Advokat Garda Terdepan Membela Warga Terpinggirkan
2 min read
NTT, kupangmedia.net | Wakil Gubernur Nusa Tenggara Timur Johni Asadoma menegaskan peran advokat sebagai salah satu pilar penting dalam menjaga keadilan sosial, terutama bagi kelompok masyarakat yang selama ini terpinggirkan dan minim akses terhadap bantuan hukum.
Penegasan itu disampaikan Johni saat menghadiri acara Syukuran Temu Kawan-Kawan Advokat Kongres Advokat Indonesia (KAI) Tahun 2026 yang dirangkaikan dengan penandatanganan Nota Kesepahaman (MoU) dan Nota Kesepakatan (MoA) antara KAI dan Fakultas Hukum Universitas Persatuan Guru (UPG) 1945 NTT, di Hotel Harper Kupang, Sabtu, 7/2).

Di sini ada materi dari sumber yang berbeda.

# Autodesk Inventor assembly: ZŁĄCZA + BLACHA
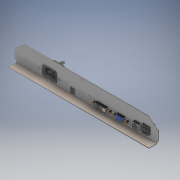
[picture p0: Inventor's stored thumbnail of the model, 180x180]
Saved by Autodesk Inventor 2017 SP1 (Build 210196100, 196)
## iProperties
Created: 2021-02-21
Part Number: ZŁĄCZA + BLACHA
Document SubType Name: Assembly
Designer: Napoleon
Author: Napoleon
## Documents named in this file (10)
- D:\PRYWATNE\PROJEKTY\POKÓJ\URZĄDZENIA PERYFERYJNE\DELL 1909Wf\BLACHA+ZŁĄCZA.iam
- D:\PRYWATNE\PROJEKTY\POKÓJ\URZĄDZENIA PERYFERYJNE\DELL 1909Wf\BLACHA OBUDOWY TYLNEJ MONITORA.ipt
- D:\PRYWATNE\PROJEKTY\POKÓJ\URZĄDZENIA PERYFERYJNE\DELL 1909Wf\ZŁĄCZA\IEC C14.ipt
- D:\PRYWATNE\PROJEKTY\POKÓJ\URZĄDZENIA PERYFERYJNE\DELL 1909Wf\ZŁĄCZA\AUDIO DC12.ipt
- D:\PRYWATNE\PROJEKTY\POKÓJ\URZĄDZENIA PERYFERYJNE\DELL 1909Wf\ZŁĄCZA\DVI.ipt
- D:\PRYWATNE\PROJEKTY\POKÓJ\URZĄDZENIA PERYFERYJNE\DELL 1909Wf\ZŁĄCZA\D-SUB.ipt
- C:\Users\Administrator\Documents\Inventor\Content Center Files\R2017\pl-PL\AS 1427(04)\AS 1427 - M3 x 5(5) I.ipt
- D:\PRYWATNE\PROJEKTY\POKÓJ\URZĄDZENIA PERYFERYJNE\DELL 1909Wf\ZŁĄCZA\USB B\USB Series B Receptacle.iam
- D:\PRYWATNE\PROJEKTY\POKÓJ\URZĄDZENIA PERYFERYJNE\DELL 1909Wf\ZŁĄCZA\USB A 2.0\femaleThruHoleUSB.ipt
- D:\PRYWATNE\PROJEKTY\POKÓJ\URZĄDZENIA PERYFERYJNE\DELL 1909Wf\ZŁĄCZA\ŚRUBA DO ZŁĄCZ.ipt
## Components (14 placed, 9 different names)
1. BLACHA OBUDOWY TYLNEJ MONITORA:1 — Zestawiający:3, Zestawiający:4, Zestawiający:5, Zestawiający:6, Zestawiający:7, Równoległy:1, Zestawiający:8, Zestawiający:9, Zestawiający:10, Zestawiający:20, Zestawiający:21, Równoległy:2, Zestawiający:24, Zestawiający:25, Zestawiający:26, Zestawiający:27, Zestawiający:28, Zestawiający:30, Walcowe:1, Walcowe:2, Walcowe:3, Walcowe:4
2. IEC C14:1 — Zestawiający:3, Zestawiający:4, Zestawiający:5
3. AUDIO DC12:1 — Zestawiający:6, Zestawiający:7, Równoległy:1
4. DVI:1 — Zestawiający:8, Zestawiający:9, Zestawiający:10
5. D-SUB:1 — Zestawiający:30
6. AS 1427 H - Metryczny M3 x 5:1
7. AS 1427 H - Metryczny M3 x 5:2
8. femaleThruHoleUSB:1 — Zestawiający:24, Zestawiający:25, Zestawiający:26, Zestawiający:29
9. USB Series B Receptacle:1 [sub-assembly] — Zestawiający:20, Zestawiający:21, Równoległy:2
10. femaleThruHoleUSB:2 — Zestawiający:27, Zestawiający:28, Zestawiający:29
11. ŚRUBA DO ZŁĄCZ:1 — Walcowe:4
12. ŚRUBA DO ZŁĄCZ:2 — Walcowe:3
13. ŚRUBA DO ZŁĄCZ:3 — Walcowe:2
14. ŚRUBA DO ZŁĄCZ:4 — Walcowe:1
## Relationships (23: Mate 17, CylindricalJoint 4, Flush 2)
- Zestawiający:3 [Mate]: BLACHA OBUDOWY TYLNEJ MONITORA:1 ↔ IEC C14:1
- Zestawiający:4 [Mate] (0.5 mm): BLACHA OBUDOWY TYLNEJ MONITORA:1 ↔ IEC C14:1
- Zestawiający:5 [Mate] (0.5 mm): BLACHA OBUDOWY TYLNEJ MONITORA:1 ↔ IEC C14:1
- Zestawiający:6 [Mate] (0.25 mm): BLACHA OBUDOWY TYLNEJ MONITORA:1 ↔ AUDIO DC12:1
- Zestawiający:7 [Mate] (0.25 mm): BLACHA OBUDOWY TYLNEJ MONITORA:1 ↔ AUDIO DC12:1
- Równoległy:1 [Flush] (-0.5 mm): BLACHA OBUDOWY TYLNEJ MONITORA:1 ↔ AUDIO DC12:1
- Zestawiający:8 [Mate] (0.25 mm): BLACHA OBUDOWY TYLNEJ MONITORA:1 ↔ DVI:1
- Zestawiający:9 [Mate] (0.25 mm): BLACHA OBUDOWY TYLNEJ MONITORA:1 ↔ DVI:1
- Zestawiający:10 [Mate]: BLACHA OBUDOWY TYLNEJ MONITORA:1 ↔ DVI:1
- Zestawiający:20 [Mate] (0.25 mm): BLACHA OBUDOWY TYLNEJ MONITORA:1 ↔ USB Series B Receptacle:1
- Zestawiający:21 [Mate] (0.25 mm): BLACHA OBUDOWY TYLNEJ MONITORA:1 ↔ USB Series B Receptacle:1
- Równoległy:2 [Flush] (-5 mm): BLACHA OBUDOWY TYLNEJ MONITORA:1 ↔ USB Series B Receptacle:1
- Zestawiający:24 [Mate] (3.5 mm): BLACHA OBUDOWY TYLNEJ MONITORA:1 ↔ femaleThruHoleUSB:1
- Zestawiający:25 [Mate]: BLACHA OBUDOWY TYLNEJ MONITORA:1 ↔ femaleThruHoleUSB:1
- Zestawiający:26 [Mate] (1.07 mm): BLACHA OBUDOWY TYLNEJ MONITORA:1 ↔ femaleThruHoleUSB:1
- Zestawiający:27 [Mate] (3.5 mm): BLACHA OBUDOWY TYLNEJ MONITORA:1 ↔ femaleThruHoleUSB:2
- Zestawiający:28 [Mate] (1.07 mm): BLACHA OBUDOWY TYLNEJ MONITORA:1 ↔ femaleThruHoleUSB:2
- Zestawiający:29 [Mate]: femaleThruHoleUSB:1 ↔ femaleThruHoleUSB:2
- Zestawiający:30 [Mate]: BLACHA OBUDOWY TYLNEJ MONITORA:1 ↔ D-SUB:1
- Walcowe:1 [CylindricalJoint]: BLACHA OBUDOWY TYLNEJ MONITORA:1 ↔ ŚRUBA DO ZŁĄCZ:4
- Walcowe:2 [CylindricalJoint]: BLACHA OBUDOWY TYLNEJ MONITORA:1 ↔ ŚRUBA DO ZŁĄCZ:3
- Walcowe:3 [CylindricalJoint]: BLACHA OBUDOWY TYLNEJ MONITORA:1 ↔ ŚRUBA DO ZŁĄCZ:2
- Walcowe:4 [CylindricalJoint]: BLACHA OBUDOWY TYLNEJ MONITORA:1 ↔ ŚRUBA DO ZŁĄCZ:1

“Profesi advokat adalah profesi mulia. Mereka hadir untuk membantu sesama manusia dengan latar belakang persoalan yang kompleks, terutama masyarakat kecil yang hak-haknya sering terabaikan,” kata Johni.
Ia menekankan bahwa kehadiran advokat bukan semata urusan litigasi, tetapi bagian dari tanggung jawab moral dalam membela mereka yang terzalimi.
Mantan perwira tinggi Polri itu juga mengajak para advokat di NTT untuk tidak berjarak dengan realitas sosial di daerah. Menurutnya, kesenjangan akses hukum masih menjadi masalah serius di banyak wilayah, terutama di kawasan pedesaan dan kepulauan.
“Advokat harus menjadi penopang keadilan dan ketertiban sosial, bukan hanya di ruang sidang, tetapi juga di tengah masyarakat,” ujarnya.
Johni mengapresiasi langkah KAI dan UPG 1945 NTT yang membangun kemitraan strategis antara organisasi profesi dan perguruan tinggi. Kerja sama ini dinilai penting untuk menyiapkan advokat muda yang tidak hanya cakap secara akademik, tetapi juga memiliki integritas dan kepekaan sosial.
Pelaksana Tugas Ketua DPD KAI NTT Erryc S.O. Mamoh mengatakan, kegiatan temu kawan ini digelar sebagai upaya merawat soliditas advokat di tengah dinamika organisasi profesi hukum. Saat ini, KAI di NTT memiliki 429 advokat yang tersebar di 22 kabupaten dan kota, dengan 11 Dewan Pimpinan Cabang yang telah terbentuk.
“Solidaritas profesi menjadi modal penting agar advokat tetap independen dan mampu memperjuangkan keadilan secara konsisten,” kata Erryc.
Sementara itu, Rektor UPG 1945 NTT Ully Riwu Kaho menyebut kerja sama dengan KAI diarahkan untuk membuka ruang pembelajaran praktis bagi mahasiswa Fakultas Hukum.
Melalui kolaborasi ini, mahasiswa diharapkan memperoleh pengalaman langsung sebelum terjun ke dunia profesi hukum. “Kami ingin lulusan hukum tidak hanya kuat secara teori, tetapi juga siap menghadapi tantangan nyata di lapangan,” ujarnya.
Sekretaris Jenderal DPP KAI Apolos Djara Bonga menambahkan, advokat dituntut semakin peka terhadap ketimpangan akses hukum yang masih dialami sebagian masyarakat. Ia menilai peran advokat sebagai penegak hukum harus selalu berpihak pada keadilan sosial.
Penandatanganan MoU dan MoA antara KAI dan Fakultas Hukum UPG 1945 NTT menjadi penanda komitmen bersama untuk memperkuat sinergi pendidikan dan praktik hukum. Acara ini tak sekadar ajang silaturahmi, tetapi juga momentum konsolidasi profesi hukum di NTT.
Pemerintah Provinsi Nusa Tenggara Timur menyatakan dukungan terhadap penguatan profesi advokat dan peningkatan kualitas pendidikan hukum melalui kolaborasi lintas sektor. Upaya ini diharapkan melahirkan sumber daya manusia hukum yang unggul, berdaya saing, dan memiliki keberpihakan kuat pada keadilan bagi masyarakat.